Esa escena en nuestra sala de estar cubierta de alfombras, donde yo dormía por la noche y nosotros nos reuníamos por el día, me acompañó durante toda la década que permanecí en Afganistán. Me ha acompañado desde entonces.
He aquí su significado. Los afganos saben luchar. Una vez recuperado el control de su país, el pueblo de aquella niña no necesitaba apoyo aéreo cercano para derrotar a unos talibanes resurgidos, ni vehículos blindados repletos de delicados componentes electrónicos cuyo mantenimiento sólo podían realizar mecánicos altamente cualificados. Lo que necesitaban era sentirse orgullosos de su gobierno. Pero los funcionarios del gobierno afgano empezaron a robarles el dinero. Y los funcionarios del gobierno estadounidense ignoraron -incluso permitieron- los delitos.

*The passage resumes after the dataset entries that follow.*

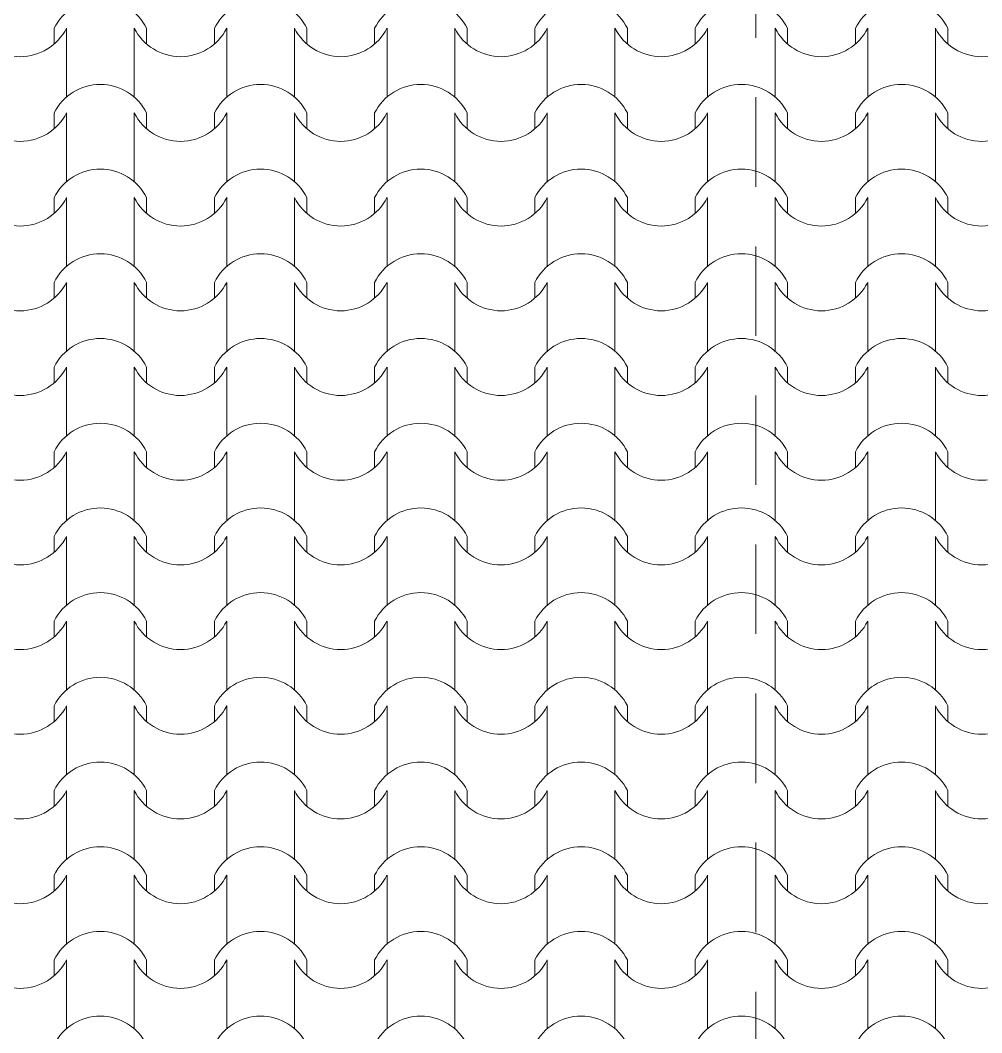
# Model space of a CAD drawing. Header units: feet. Extents: x 2791058 to 2855058, y -67651 to -26651.
# Drawn here: x 2826009 to 2829423, y -50133 to -46539 of the extents above; entities that cross this region are included whole.
import ezdxf

# ---------------------------------------------------------------- set-up
doc = ezdxf.new("R2010")
doc.units = ezdxf.units.FT
doc.header["$MEASUREMENT"] = 0
doc.linetypes.add('Long Dashed', pattern=[529.166651, 317.499995, -211.666656])
doc.layers.add('Shell - Roof_Pen_No__20', color=1, linetype='Continuous', lineweight=0)
doc.layers.add('Structural - Bearing_Pen_No__62', color=7, linetype='Continuous', lineweight=0, true_color=0xaaaaaa)
doc.layers.add('Structural - Bearing_Pen_No__82', color=7, linetype='Continuous', lineweight=0, true_color=0xaaaaaa)

# ---------------------------------------------------------------- blocks, each defined once
blk = doc.blocks.new('*X5', base_point=(2247653.8, -76425))
at = {"layer": 'Structural - Bearing_Pen_No__62', "color": 253, "linetype": 'Continuous', "lineweight": 0, "true_color": 0xaaaaaa}
for p, q in [((2826129.5, -46623.3), (2826129.5, -46567.3)), ((2826173.5, -46689.2), (2826173.5, -46567.3)), ((2826414, -46689.2), (2826414, -46567.3)), ((2826458, -46623.3), (2826458, -46567.3)), ((2826698.4, -46623.3), (2826698.4, -46567.3)), ((2826742.4, -46689.2), (2826742.4, -46567.3)), ((2826982.9, -46689.2), (2826982.9, -46567.3)), ((2827026.9, -46623.3), (2827026.9, -46567.3)), ((2827267.4, -46623.3), (2827267.4, -46567.3)), ((2827311.4, -46689.2), (2827311.4, -46567.3)), ((2827551.9, -46689.2), (2827551.9, -46567.3)), ((2827595.9, -46623.3), (2827595.9, -46567.3)), ((2827836.4, -46623.3), (2827836.4, -46567.3)), ((2827880.4, -46689.2), (2827880.4, -46567.3)), ((2828120.8, -46689.2), (2828120.8, -46567.3)), ((2828164.8, -46623.3), (2828164.8, -46567.3)), ((2828405.3, -46623.3), (2828405.3, -46567.3)), ((2828449.3, -46689.2), (2828449.3, -46567.3)), ((2828689.8, -46689.2), (2828689.8, -46567.3)), ((2828733.8, -46623.3), (2828733.8, -46567.3)), ((2828974.3, -46623.3), (2828974.3, -46567.3)), ((2829018.3, -46689.2), (2829018.3, -46567.3)), ((2829258.8, -46689.2), (2829258.8, -46567.3)), ((2829302.8, -46623.3), (2829302.8, -46567.3)), ((2826173.5, -46811.1), (2826173.5, -46689.2)), ((2826414, -46811.1), (2826414, -46689.2)), ((2826742.4, -46811.1), (2826742.4, -46689.2)), ((2826982.9, -46811.1), (2826982.9, -46689.2)), ((2827311.4, -46811.1), (2827311.4, -46689.2)), ((2827551.9, -46811.1), (2827551.9, -46689.2)), ((2827880.4, -46811.1), (2827880.4, -46689.2)), ((2828120.8, -46811.1), (2828120.8, -46689.2)), ((2828449.3, -46811.1), (2828449.3, -46689.2)), ((2828689.8, -46811.1), (2828689.8, -46689.2)), ((2829018.3, -46811.1), (2829018.3, -46689.2)), ((2829258.8, -46811.1), (2829258.8, -46689.2)), ((2826129.5, -46924), (2826129.5, -46867.9)), ((2826173.5, -46989.9), (2826173.5, -46867.9)), ((2826414, -46989.9), (2826414, -46867.9)), ((2826458, -46924), (2826458, -46867.9)), ((2826698.4, -46924), (2826698.4, -46867.9)), ((2826742.4, -46989.9), (2826742.4, -46867.9)), ((2826982.9, -46989.9), (2826982.9, -46867.9)), ((2827026.9, -46924), (2827026.9, -46867.9)), ((2827267.4, -46924), (2827267.4, -46867.9)), ((2827311.4, -46989.9), (2827311.4, -46867.9)), ((2827551.9, -46989.9), (2827551.9, -46867.9)), ((2827595.9, -46924), (2827595.9, -46867.9)), ((2827836.4, -46924), (2827836.4, -46867.9)), ((2827880.4, -46989.9), (2827880.4, -46867.9)), ((2828120.8, -46989.9), (2828120.8, -46867.9)), ((2828164.8, -46924), (2828164.8, -46867.9)), ((2828405.3, -46924), (2828405.3, -46867.9)), ((2828449.3, -46989.9), (2828449.3, -46867.9)), ((2828689.8, -46989.9), (2828689.8, -46867.9)), ((2828733.8, -46924), (2828733.8, -46867.9)), ((2828974.3, -46924), (2828974.3, -46867.9)), ((2829018.3, -46989.9), (2829018.3, -46867.9)), ((2829258.8, -46989.9), (2829258.8, -46867.9)), ((2829302.8, -46924), (2829302.8, -46867.9)), ((2826173.5, -47111.8), (2826173.5, -46989.9)), ((2826414, -47111.8), (2826414, -46989.9)), ((2826742.4, -47111.8), (2826742.4, -46989.9)), ((2826982.9, -47111.8), (2826982.9, -46989.9)), ((2827311.4, -47111.8), (2827311.4, -46989.9)), ((2827551.9, -47111.8), (2827551.9, -46989.9)), ((2827880.4, -47111.8), (2827880.4, -46989.9)), ((2828120.8, -47111.8), (2828120.8, -46989.9)), ((2828449.3, -47111.8), (2828449.3, -46989.9)), ((2828689.8, -47111.8), (2828689.8, -46989.9)), ((2829018.3, -47111.8), (2829018.3, -46989.9)), ((2829258.8, -47111.8), (2829258.8, -46989.9)), ((2826129.5, -47224.7), (2826129.5, -47168.6)), ((2826173.5, -47290.5), (2826173.5, -47168.6)), ((2826414, -47290.5), (2826414, -47168.6)), ((2826458, -47224.7), (2826458, -47168.6)), ((2826698.4, -47224.7), (2826698.4, -47168.6)), ((2826742.4, -47290.5), (2826742.4, -47168.6)), ((2826982.9, -47290.5), (2826982.9, -47168.6)), ((2827026.9, -47224.7), (2827026.9, -47168.6)), ((2827267.4, -47224.7), (2827267.4, -47168.6)), ((2827311.4, -47290.5), (2827311.4, -47168.6)), ((2827551.9, -47290.5), (2827551.9, -47168.6)), ((2827595.9, -47224.7), (2827595.9, -47168.6)), ((2827836.4, -47224.7), (2827836.4, -47168.6)), ((2827880.4, -47290.5), (2827880.4, -47168.6)), ((2828120.8, -47290.5), (2828120.8, -47168.6)), ((2828164.8, -47224.7), (2828164.8, -47168.6)), ((2828405.3, -47224.7), (2828405.3, -47168.6)), ((2828449.3, -47290.5), (2828449.3, -47168.6)), ((2828689.8, -47290.5), (2828689.8, -47168.6)), ((2828733.8, -47224.7), (2828733.8, -47168.6)), ((2828974.3, -47224.7), (2828974.3, -47168.6)), ((2829018.3, -47290.5), (2829018.3, -47168.6)), ((2829258.8, -47290.5), (2829258.8, -47168.6)), ((2829302.8, -47224.7), (2829302.8, -47168.6)), ((2826173.5, -47412.5), (2826173.5, -47290.5)), ((2826414, -47412.5), (2826414, -47290.5)), ((2826742.4, -47412.5), (2826742.4, -47290.5)), ((2826982.9, -47412.5), (2826982.9, -47290.5)), ((2827311.4, -47412.5), (2827311.4, -47290.5)), ((2827551.9, -47412.5), (2827551.9, -47290.5)), ((2827880.4, -47412.5), (2827880.4, -47290.5)), ((2828120.8, -47412.5), (2828120.8, -47290.5)), ((2828449.3, -47412.5), (2828449.3, -47290.5)), ((2828689.8, -47412.5), (2828689.8, -47290.5)), ((2829018.3, -47412.5), (2829018.3, -47290.5)), ((2829258.8, -47412.5), (2829258.8, -47290.5)), ((2826129.5, -47525.3), (2826129.5, -47469.3)), ((2826173.5, -47591.2), (2826173.5, -47469.3)), ((2826414, -47591.2), (2826414, -47469.3)), ((2826458, -47525.3), (2826458, -47469.3)), ((2826698.4, -47525.3), (2826698.4, -47469.3)), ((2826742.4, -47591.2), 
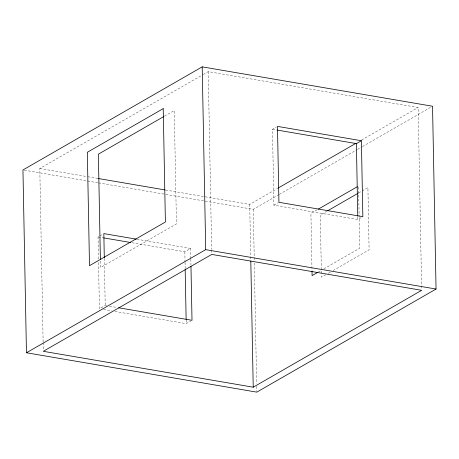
<?xml version="1.0" encoding="UTF-8"?>
<svg xmlns="http://www.w3.org/2000/svg" width="459" height="459" viewBox="0 0 459 459"><rect width="100%" height="100%" fill="white"/><g stroke="black" fill="none" stroke-linecap="round" stroke-linejoin="round"><path stroke-width="0.34" stroke-dasharray="2.29 1.72" d="M43.123 341.995L39.79 168.516L202.648 74.846M203.268 74.49L208.243 71.627L418.16 107.521L421.643 288.883M164.397 116.196L174.265 110.521L176.445 223.906L100.55 267.563L100.412 260.431M361.181 217.606L357.842 219.528L273.925 205.179L272.462 129.266L276.358 127.023M98.461 258.985L98.037 236.93L99.196 236.259M99.775 235.926L102.673 234.262M165.601 190.026L249.713 204.41L277.684 188.322M361.6 140.052L418.16 107.521M98.553 182.889L253.288 209.344L278.716 194.719M279.336 194.364L356.873 149.766M357.492 149.41L361.83 146.914M362.449 146.559L432.539 106.241M131.911 242.719L184.839 251.767L190.634 248.434L190.824 258.4M273.925 205.179L278.372 202.62M106.626 305.705L105.214 305.464L99.419 308.798L98.519 261.831M317.094 209.855L310.909 213.412L312.005 270.615M327.083 211.1L320.279 215.013L321.403 273.65M358.64 192.952L367.917 187.611L369.116 249.822L333.228 270.46M114.945 311.454L186.216 323.641L190.852 320.973M318.288 272.061L321.38 270.282M323.859 268.859L359.741 248.221L358.548 186.01M325.804 274.734L321.472 277.225L321.42 274.362M328.277 273.312L330.755 271.883M272.462 129.266L276.697 129.989M39.79 168.516L87.147 176.617M87.853 176.738L98.456 178.551M24.361 170.203L97.847 182.768M137 239.265L190.634 248.434M98.037 236.93L102.977 237.773M109.449 306.187L117.211 307.519M103.654 309.521L112.122 310.972M357.785 216.659L357.842 219.528M253.288 209.344L254.263 260.242M254.32 263.11L256.633 383.535M256.69 386.403L256.782 391.424M249.713 204.41L250.769 259.605M208.243 71.627L211.656 249.403M211.668 250.121L211.737 253.707M190.841 259.111L190.95 264.803M184.839 251.767L185.029 261.728M185.046 262.439L185.166 268.848M186.147 320.078L186.216 323.641M104.313 258.497L105.214 305.464M43.135 342.712L43.272 349.878"/><path stroke-width="0.69" d="M202.201 66.859L22.95 169.962L26.461 352.759L256.799 392.141L436.05 289.038L432.539 106.241L202.201 66.859L205.712 249.656L26.461 352.759M163.777 116.552L98.369 154.172L100.395 259.719M278.303 187.96L356.006 143.271M277.402 130.109L356.385 143.61L361.388 140.735L362.845 216.648L278.929 202.299L277.471 126.386L361.388 140.735M318.334 209.143L357.309 186.721M327.703 210.744L358.02 193.308M317.668 272.416L312.103 275.624L312.017 271.332M253.225 387.201L421.672 290.312L211.748 254.424L43.301 351.313L253.225 387.201L250.798 261.039M98.456 178.551L164.896 189.906M205.712 249.656L436.05 289.038M136.294 239.145L103.832 233.597L104.296 257.786M103.682 237.894L130.499 242.478M118.623 307.76L192.011 320.307L190.973 266.226M356.385 143.61L357.773 215.942M185.178 269.559L186.136 319.366M163.22 108.628L87.325 152.285L89.505 265.675L165.401 222.018L163.22 108.628"/></g></svg>

Este asunto, la corrupción, no estaba en absoluto en mi mente cuando decidí dejar el periodismo y trasladarme a Afganistán. No pensaba en ello cuando me dispuse a reconstruir un pueblo que había quedado reducido a escombros en la campaña de bombardeos estadounidense, ni cuando creé la primera emisora de radio independiente del país. No intentaba imponer ninguna norma occidental.
Fueron los afganos quienes me plantearon el problema. Los jóvenes a los que pregunté qué querían oír en la radio se quejaron de los chantajes de los milicianos del nuevo gobernador, que llevaban uniforme de combate estadounidense. Un cantero me dijo que no podía vender piedra para las casas que estaba reconstruyendo: el gobernador se había autoconcedido el monopolio. Luego la trituraba hasta convertirla en grava y la vendía con un sobreprecio exorbitante a la base militar estadounidense de las afueras de la ciudad.
Cuando aprendí pastún y me trasladé a un complejo desprotegido en el centro de la ciudad, y los talibanes volvían a filtrarse en la región, las delegaciones de ancianos venían a visitarme. Los talibanes nos golpean en esta mejilla”, decía un digno portavoz, dejando su taza de té verde para darse una bofetada en la cara, “y el gobierno nos golpea en esta otra”.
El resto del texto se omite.